28 If the committees' investigative purposes and methods are constructive. The Council's salutary experience in this respect was due in large measure to the excellent manner in which the Joint Committee on the Economic Report conducted its hearings.

29 A partial exception to this policy was made for the first time in the January, 1952 Annual Economic Review with the inclusion of a short separate statement by Mr. John D. Clark on monetary and credit policy. In their final Review (January, 1953) the Truman Council members soloed rather more freely, with separate statements by both Messrs. Clark and Keyserling, Clark's being in outright disagreement with a considerable portion of the Review, Keyserling's only amplifying or paralleling one aspect of it. In no case, it should be noted, did the policy of public unanimity conflict with the freedom of members to vary the emphasis of their own speeches, articles, or other individual public statements.

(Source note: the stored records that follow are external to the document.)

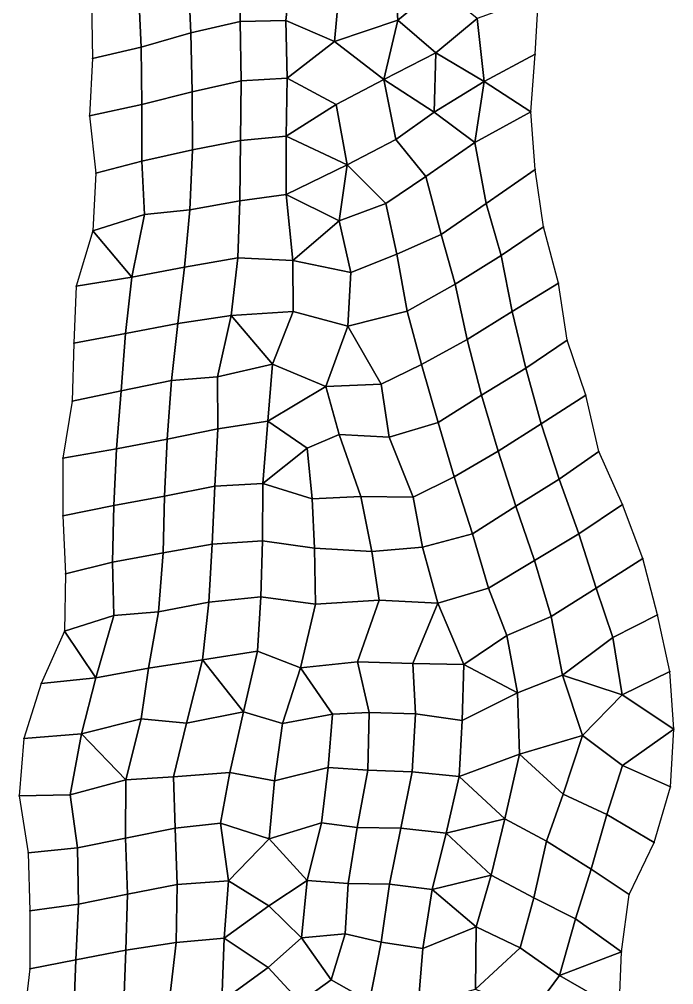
# Model space of a CAD drawing. Extents: x 727294 to 731543, y 8575035 to 8579824.
# Drawn here: x 731261.4 to 731487.4, y 8576063.1 to 8576396.3 of the extents above; entities that cross this region are included whole.
import ezdxf

# ---------------------------------------------------------------- set-up
doc = ezdxf.new("R2010")
doc.units = 0
for name, color, linetype in [('MESH_BOUND', 25, 'CONTINUOUS'), ('MESH_ELEMS', 250, 'CONTINUOUS'), ('MESH_NODES', 18, 'CONTINUOUS')]:
    doc.layers.add(name, color=color, linetype=linetype)

msp = doc.modelspace()

# ---------------------------------------------------------------- linework, layer by layer
at = {"layer": 'MESH_BOUND', "color": 25}
for points in [[(731286.28, 8576402.68, 38.17), (731286.7, 8576382.7, 38.17)], [(731439.54, 8576384.26, 38.17), (731440.65, 8576404.23, 38.17)], [(731286.7, 8576382.7, 38.17), (731285.64, 8576362.96, 38.17)], [(731438.06, 8576364.32, 38.17), (731439.54, 8576384.26, 38.17)], [(731285.64, 8576362.96, 38.17), (731287.8, 8576343.15, 38.17)], [(731439.52, 8576344.37, 38.17), (731438.06, 8576364.32, 38.17)], [(731287.8, 8576343.15, 38.17), (731286.83, 8576323.23, 38.17)], [(731442.46, 8576324.59, 38.17), (731439.52, 8576344.37, 38.17)], [(731286.83, 8576323.23, 38.17), (731281.09, 8576304.16, 38.17)], [(731447.57, 8576305.25, 38.17), (731442.46, 8576324.59, 38.17)], [(731281.09, 8576304.16, 38.17), (731280.21, 8576284.46, 38.17)], [(731450.54, 8576285.48, 38.17), (731447.57, 8576305.25, 38.17)], [(731280.21, 8576284.46, 38.17), (731279.62, 8576264.49, 38.17)], [(731457.06, 8576266.58, 38.17), (731450.54, 8576285.48, 38.17)], [(731461.54, 8576247.1, 38.17), (731457.06, 8576266.58, 38.17)], [(731279.62, 8576264.49, 38.17), (731276.4, 8576244.85, 38.17)], [(731469.64, 8576228.81, 38.17), (731461.54, 8576247.1, 38.17)], [(731276.4, 8576244.85, 38.17), (731276.4, 8576224.85, 38.17)], [(731476.77, 8576210.13, 38.17), (731469.64, 8576228.81, 38.17)], [(731276.4, 8576224.85, 38.17), (731277.31, 8576204.92, 38.17)], [(731481.73, 8576190.75, 38.17), (731476.77, 8576210.13, 38.17)], [(731277.31, 8576204.92, 38.17), (731276.95, 8576185.11, 38.17)], [(731486, 8576171.22, 38.17), (731481.73, 8576190.75, 38.17)], [(731276.95, 8576185.11, 38.17), (731269, 8576167.06, 38.17)], [(731487.37, 8576151.28, 38.17), (731486, 8576171.22, 38.17)], [(731269, 8576167.06, 38.17), (731262.95, 8576148.04, 38.17)], [(731486.26, 8576131.34, 38.17), (731487.37, 8576151.28, 38.17)], [(731262.95, 8576148.04, 38.17), (731261.4, 8576128.27, 38.17)], [(731480.64, 8576112.17, 38.17), (731486.26, 8576131.34, 38.17)], [(731261.4, 8576128.27, 38.17), (731264.5, 8576108.56, 38.17)], [(731472.05, 8576094.2, 38.17), (731480.64, 8576112.17, 38.17)], [(731264.5, 8576108.56, 38.17), (731265, 8576088.61, 38.17)], [(731469.3, 8576074.39, 38.17), (731472.05, 8576094.2, 38.17)], [(731265, 8576088.61, 38.17), (731265, 8576068.61, 38.17)], [(731468.5, 8576054.44, 38.17), (731469.3, 8576074.39, 38.17)], [(731265, 8576068.61, 38.17), (731262.73, 8576048.83, 38.17)]]:
    msp.add_polyline3d(points, dxfattribs=at)
at = {"layer": 'MESH_ELEMS', "color": 179}
for points in [[(731337.62, 8576395.46, 35.46), (731337.42, 8576415.9, 35.36), (731319.68, 8576411.64, 35.71), (731320.64, 8576391.63, 35.87)], [(731337.62, 8576395.46, 35.46), (731353.43, 8576395.84, 35.44), (731355.35, 8576414, 35.26), (731337.42, 8576415.9, 35.36)], [(731392.13, 8576395.97, 38.17), (731390.62, 8576417.76, 38.17), (731372.04, 8576408.65, 35.28), (731370.27, 8576388.63, 35.41)], [(731406.2, 8576407.5, 38.17), (731390.62, 8576417.76, 38.17), (731392.13, 8576395.97, 38.17), (731406.2, 8576407.5, 38.17)], [(731353.43, 8576395.84, 35.44), (731370.27, 8576388.63, 35.41), (731372.04, 8576408.65, 35.28), (731355.35, 8576414, 35.26)], [(731320.64, 8576391.63, 35.87), (731319.68, 8576411.64, 35.71), (731302.57, 8576406.7, 38.14), (731303.5, 8576386.64, 38.13)], [(731303.5, 8576386.64, 38.13), (731302.57, 8576406.7, 38.14), (731286.28, 8576402.68, 38.17), (731286.7, 8576382.7, 38.17)], [(731406.2, 8576407.5, 38.17), (731392.13, 8576395.97, 38.17), (731405.19, 8576384.69, 38.17), (731419.56, 8576396.53, 38.17)], [(731439.54, 8576384.26, 38.17), (731440.65, 8576404.23, 38.17), (731419.56, 8576396.53, 38.17), (731421.96, 8576374.8, 38.17)], [(731392.13, 8576395.97, 38.17), (731370.27, 8576388.63, 35.41), (731387.33, 8576375.51, 38.17), (731392.13, 8576395.97, 38.17)], [(731387.33, 8576375.51, 38.17), (731405.19, 8576384.69, 38.17), (731392.13, 8576395.97, 38.17), (731387.33, 8576375.51, 38.17)], [(731419.56, 8576396.53, 38.17), (731405.19, 8576384.69, 38.17), (731421.96, 8576374.8, 38.17), (731419.56, 8576396.53, 38.17)], [(731338.05, 8576375.01, 35.55), (731337.62, 8576395.46, 35.46), (731320.64, 8576391.63, 35.87), (731321.09, 8576371.28, 35.68)], [(731353.43, 8576395.84, 35.44), (731337.62, 8576395.46, 35.46), (731338.05, 8576375.01, 35.55), (731353.86, 8576375.9, 35.49)], [(731353.86, 8576375.9, 35.49), (731370.27, 8576388.63, 35.41), (731353.43, 8576395.84, 35.44), (731353.86, 8576375.9, 35.49)], [(731321.09, 8576371.28, 35.68), (731320.64, 8576391.63, 35.87), (731303.5, 8576386.64, 38.13), (731303.72, 8576366.86, 38.17)], [(731303.72, 8576366.86, 38.17), (731303.5, 8576386.64, 38.13), (731286.7, 8576382.7, 38.17), (731285.64, 8576362.96, 38.17)], [(731370.27, 8576388.63, 35.41), (731353.86, 8576375.9, 35.49), (731370.77, 8576366.83, 35.44), (731387.33, 8576375.51, 38.17)], [(731387.33, 8576375.51, 38.17), (731404.67, 8576364.18, 38.17), (731405.19, 8576384.69, 38.17), (731387.33, 8576375.51, 38.17)], [(731405.19, 8576384.69, 38.17), (731404.67, 8576364.18, 38.17), (731421.96, 8576374.8, 38.17), (731405.19, 8576384.69, 38.17)], [(731421.96, 8576374.8, 38.17), (731438.06, 8576364.32, 38.17), (731439.54, 8576384.26, 38.17), (731421.96, 8576374.8, 38.17)], [(731353.54, 8576355.94, 35.54), (731353.86, 8576375.9, 35.49), (731338.05, 8576375.01, 35.55), (731337.73, 8576354.38, 35.57)], [(731353.54, 8576355.94, 35.54), (731370.77, 8576366.83, 35.44), (731353.86, 8576375.9, 35.49), (731353.54, 8576355.94, 35.54)], [(731337.73, 8576354.38, 35.57), (731338.05, 8576375.01, 35.55), (731321.09, 8576371.28, 35.68), (731321.18, 8576351.19, 38.17)], [(731391.39, 8576354.77, 38.17), (731387.33, 8576375.51, 38.17), (731370.77, 8576366.83, 35.44), (731374.57, 8576346.03, 38.17)], [(731391.39, 8576354.77, 38.17), (731404.67, 8576364.18, 38.17), (731387.33, 8576375.51, 38.17), (731391.39, 8576354.77, 38.17)], [(731421.96, 8576374.8, 38.17), (731404.67, 8576364.18, 38.17), (731418.65, 8576353.79, 38.17), (731421.96, 8576374.8, 38.17)], [(731418.65, 8576353.79, 38.17), (731438.06, 8576364.32, 38.17), (731421.96, 8576374.8, 38.17), (731418.65, 8576353.79, 38.17)], [(731321.18, 8576351.19, 38.17), (731321.09, 8576371.28, 35.68), (731303.72, 8576366.86, 38.17), (731303.75, 8576347.35, 38.17)], [(731303.75, 8576347.35, 38.17), (731303.72, 8576366.86, 38.17), (731285.64, 8576362.96, 38.17), (731287.8, 8576343.15, 38.17)], [(731353.54, 8576355.94, 35.54), (731374.57, 8576346.03, 38.17), (731370.77, 8576366.83, 35.44), (731353.54, 8576355.94, 35.54)], [(731401.74, 8576341.96, 38.17), (731418.65, 8576353.79, 38.17), (731404.67, 8576364.18, 38.17), (731391.39, 8576354.77, 38.17)], [(731439.52, 8576344.37, 38.17), (731438.06, 8576364.32, 38.17), (731418.65, 8576353.79, 38.17), (731422.64, 8576332.7, 38.17)], [(731337.73, 8576354.38, 35.57), (731337.52, 8576333.62, 38.16), (731353.55, 8576335.85, 35.51), (731353.54, 8576355.94, 35.54)], [(731353.54, 8576355.94, 35.54), (731353.55, 8576335.85, 35.51), (731374.57, 8576346.03, 38.17), (731353.54, 8576355.94, 35.54)], [(731337.52, 8576333.62, 38.16), (731337.73, 8576354.38, 35.57), (731321.18, 8576351.19, 38.17), (731320.33, 8576330.5, 38.17)], [(731391.39, 8576354.77, 38.17), (731374.57, 8576346.03, 38.17), (731387.98, 8576332.63, 38.17), (731401.74, 8576341.96, 38.17)], [(731422.64, 8576332.7, 38.17), (731418.65, 8576353.79, 38.17), (731401.74, 8576341.96, 38.17), (731407.07, 8576322, 38.17)], [(731320.33, 8576330.5, 38.17), (731321.18, 8576351.19, 38.17), (731303.75, 8576347.35, 38.17), (731304.65, 8576328.91, 38.17)], [(731304.65, 8576328.91, 38.17), (731303.75, 8576347.35, 38.17), (731287.8, 8576343.15, 38.17), (731286.83, 8576323.23, 38.17)], [(731371.88, 8576326.73, 38.17), (731374.57, 8576346.03, 38.17), (731353.55, 8576335.85, 35.51), (731371.88, 8576326.73, 38.17)], [(731371.88, 8576326.73, 38.17), (731387.98, 8576332.63, 38.17), (731374.57, 8576346.03, 38.17), (731371.88, 8576326.73, 38.17)], [(731442.46, 8576324.59, 38.17), (731439.52, 8576344.37, 38.17), (731422.64, 8576332.7, 38.17), (731427.76, 8576314.72, 38.17)], [(731407.07, 8576322, 38.17), (731401.74, 8576341.96, 38.17), (731387.98, 8576332.63, 38.17), (731391.82, 8576315.23, 38.17)], [(731336.87, 8576313.94, 38.17), (731337.52, 8576333.62, 38.16), (731320.33, 8576330.5, 38.17), (731318.39, 8576310.73, 38.17)], [(731355.82, 8576313.01, 38.17), (731353.55, 8576335.85, 35.51), (731337.52, 8576333.62, 38.16), (731336.87, 8576313.94, 38.17)], [(731353.55, 8576335.85, 35.51), (731355.82, 8576313.01, 38.17), (731371.88, 8576326.73, 38.17), (731353.55, 8576335.85, 35.51)], [(731391.82, 8576315.23, 38.17), (731387.98, 8576332.63, 38.17), (731371.88, 8576326.73, 38.17), (731375.91, 8576308.86, 38.17)], [(731427.76, 8576314.72, 38.17), (731422.64, 8576332.7, 38.17), (731407.07, 8576322, 38.17), (731411.87, 8576304.83, 38.17)], [(731318.39, 8576310.73, 38.17), (731320.33, 8576330.5, 38.17), (731304.65, 8576328.91, 38.17), (731300.27, 8576307.29, 38.17)], [(731286.83, 8576323.23, 38.17), (731300.27, 8576307.29, 38.17), (731304.65, 8576328.91, 38.17), (731286.83, 8576323.23, 38.17)], [(731371.88, 8576326.73, 38.17), (731355.82, 8576313.01, 38.17), (731375.91, 8576308.86, 38.17), (731371.88, 8576326.73, 38.17)], [(731281.09, 8576304.16, 38.17), (731300.27, 8576307.29, 38.17), (731286.83, 8576323.23, 38.17), (731281.09, 8576304.16, 38.17)], [(731447.57, 8576305.25, 38.17), (731442.46, 8576324.59, 38.17), (731427.76, 8576314.72, 38.17), (731431.62, 8576295.37, 38.17)], [(731411.87, 8576304.83, 38.17), (731407.07, 8576322, 38.17), (731391.82, 8576315.23, 38.17), (731395.33, 8576295.5, 38.17)], [(731334.59, 8576294.03, 38.17), (731336.87, 8576313.94, 38.17), (731318.39, 8576310.73, 38.17), (731316.13, 8576291.33, 38.17)], [(731336.87, 8576313.94, 38.17), (731334.59, 8576294.03, 38.17), (731355.94, 8576295.37, 38.17), (731355.82, 8576313.01, 38.17)], [(731355.94, 8576295.37, 38.17), (731374.89, 8576290.41, 38.17), (731375.91, 8576308.86, 38.17), (731355.82, 8576313.01, 38.17)], [(731375.91, 8576308.86, 38.17), (731374.89, 8576290.41, 38.17), (731395.33, 8576295.5, 38.17), (731391.82, 8576315.23, 38.17)], [(731411.87, 8576304.83, 38.17), (731416.09, 8576285.77, 38.17), (731431.62, 8576295.37, 38.17), (731427.76, 8576314.72, 38.17)], [(731300.27, 8576307.29, 38.17), (731298.07, 8576287.87, 38.17), (731316.13, 8576291.33, 38.17), (731318.39, 8576310.73, 38.17)], [(731298.07, 8576287.87, 38.17), (731300.27, 8576307.29, 38.17), (731281.09, 8576304.16, 38.17), (731280.21, 8576284.46, 38.17)], [(731395.33, 8576295.5, 38.17), (731400.28, 8576277.17, 38.17), (731416.09, 8576285.77, 38.17), (731411.87, 8576304.83, 38.17)], [(731450.54, 8576285.48, 38.17), (731447.57, 8576305.25, 38.17), (731431.62, 8576295.37, 38.17), (731436.27, 8576275.84, 38.17)], [(731329.85, 8576272.92, 38.17), (731334.59, 8576294.03, 38.17), (731316.13, 8576291.33, 38.17), (731313.92, 8576271.56, 38.17)], [(731329.85, 8576272.92, 38.17), (731348.87, 8576277.27, 38.17), (731334.59, 8576294.03, 38.17), (731329.85, 8576272.92, 38.17)], [(731355.94, 8576295.37, 38.17), (731334.59, 8576294.03, 38.17), (731348.87, 8576277.27, 38.17), (731355.94, 8576295.37, 38.17)], [(731367.27, 8576269.48, 38.17), (731374.89, 8576290.41, 38.17), (731355.94, 8576295.37, 38.17), (731348.87, 8576277.27, 38.17)], [(731374.89, 8576290.41, 38.17), (731386.32, 8576270.35, 38.17), (731400.28, 8576277.17, 38.17), (731395.33, 8576295.5, 38.17)], [(731416.09, 8576285.77, 38.17), (731421.05, 8576266.54, 38.17), (731436.27, 8576275.84, 38.17), (731431.62, 8576295.37, 38.17)], [(731313.92, 8576271.56, 38.17), (731316.13, 8576291.33, 38.17), (731298.07, 8576287.87, 38.17), (731296.54, 8576268.02, 38.17)], [(731374.89, 8576290.41, 38.17), (731367.27, 8576269.48, 38.17), (731386.32, 8576270.35, 38.17), (731374.89, 8576290.41, 38.17)], [(731296.54, 8576268.02, 38.17), (731298.07, 8576287.87, 38.17), (731280.21, 8576284.46, 38.17), (731279.62, 8576264.49, 38.17)], [(731421.05, 8576266.54, 38.17), (731416.09, 8576285.77, 38.17), (731400.28, 8576277.17, 38.17), (731405.99, 8576257.12, 38.17)], [(731457.06, 8576266.58, 38.17), (731450.54, 8576285.48, 38.17), (731436.27, 8576275.84, 38.17), (731441.62, 8576256.7, 38.17)], [(731347.25, 8576257.62, 38.17), (731348.87, 8576277.27, 38.17), (731329.85, 8576272.92, 38.17), (731329.99, 8576254.87, 38.17)], [(731347.25, 8576257.62, 38.17), (731367.27, 8576269.48, 38.17), (731348.87, 8576277.27, 38.17), (731347.25, 8576257.62, 38.17)], [(731405.99, 8576257.12, 38.17), (731400.28, 8576277.17, 38.17), (731386.32, 8576270.35, 38.17), (731389.07, 8576252.02, 38.17)], [(731329.99, 8576254.87, 38.17), (731329.85, 8576272.92, 38.17), (731313.92, 8576271.56, 38.17), (731312.43, 8576251.36, 38.17)], [(731441.62, 8576256.7, 38.17), (731436.27, 8576275.84, 38.17), (731421.05, 8576266.54, 38.17), (731426.72, 8576247.17, 38.17)], [(731312.43, 8576251.36, 38.17), (731313.92, 8576271.56, 38.17), (731296.54, 8576268.02, 38.17), (731294.91, 8576248.05, 38.17)], [(731367.27, 8576269.48, 38.17), (731347.25, 8576257.62, 38.17), (731360.82, 8576248.21, 38.17), (731371.8, 8576253, 38.17)], [(731371.8, 8576253, 38.17), (731389.07, 8576252.02, 38.17), (731386.32, 8576270.35, 38.17), (731367.27, 8576269.48, 38.17)], [(731294.91, 8576248.05, 38.17), (731296.54, 8576268.02, 38.17), (731279.62, 8576264.49, 38.17), (731276.4, 8576244.85, 38.17)], [(731426.72, 8576247.17, 38.17), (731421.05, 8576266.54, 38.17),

30 This last point gains cogency from the fact that Council members (and staff members as well) did spend a considerable part of their time mixing as individuals in the rough and tumble of daily presidential business. By means of this quasi-explicit distinction between their individual and collective roles, the members of the Council sought a detour around Millett's 1947 judgment that two members of the Council would have to subordinate themselves to the third if the new board were not to become excessively remote from the President and his other advisers. See Millet's, The Process and Organization of Government Planning (cited in note 22), pp. 167–68Google Scholar.

31 Cf. Tugwell's, R. G. highly stimulating discussion of central planning, “The Utility of the Future in the Present,” Public Administration Review, Vol. 8, pp. 5759 (Winter, 1948)CrossRefGoogle Scholar. On the ground that “any planning tied exclusively to the Chief Executive will never become central planning in any defensible definition of the term,” he concludes that the Council does not “possess very great survival value,” that it is “vulnerable to its natural enemies and possesses no strength of its own,” and that “when this experiment is finally liquidated, we … are not likely to be much further advanced in the development of central planning.” Committed to the thoroughly monistic policy-forming and -executing process he finds in Britain, his argument is not with the Council as such but with the whole separation of powers concept. Despite its brilliance, we do not find in his exposition any adequate refutation of the Employment Act's underlying thesis—namely, that by fortifying what he happily calls “agencies of conjuncture” in both the executive and the legislature, and by strengthening the connecting rods between them, it is possible to develop workable programming machinery within our present constitutional framework. Nor in all Tugwell's castigation of things as they are here and idealization of things as he sees them in Britain do we find any hints of a practicable program of constitutional reform for this country.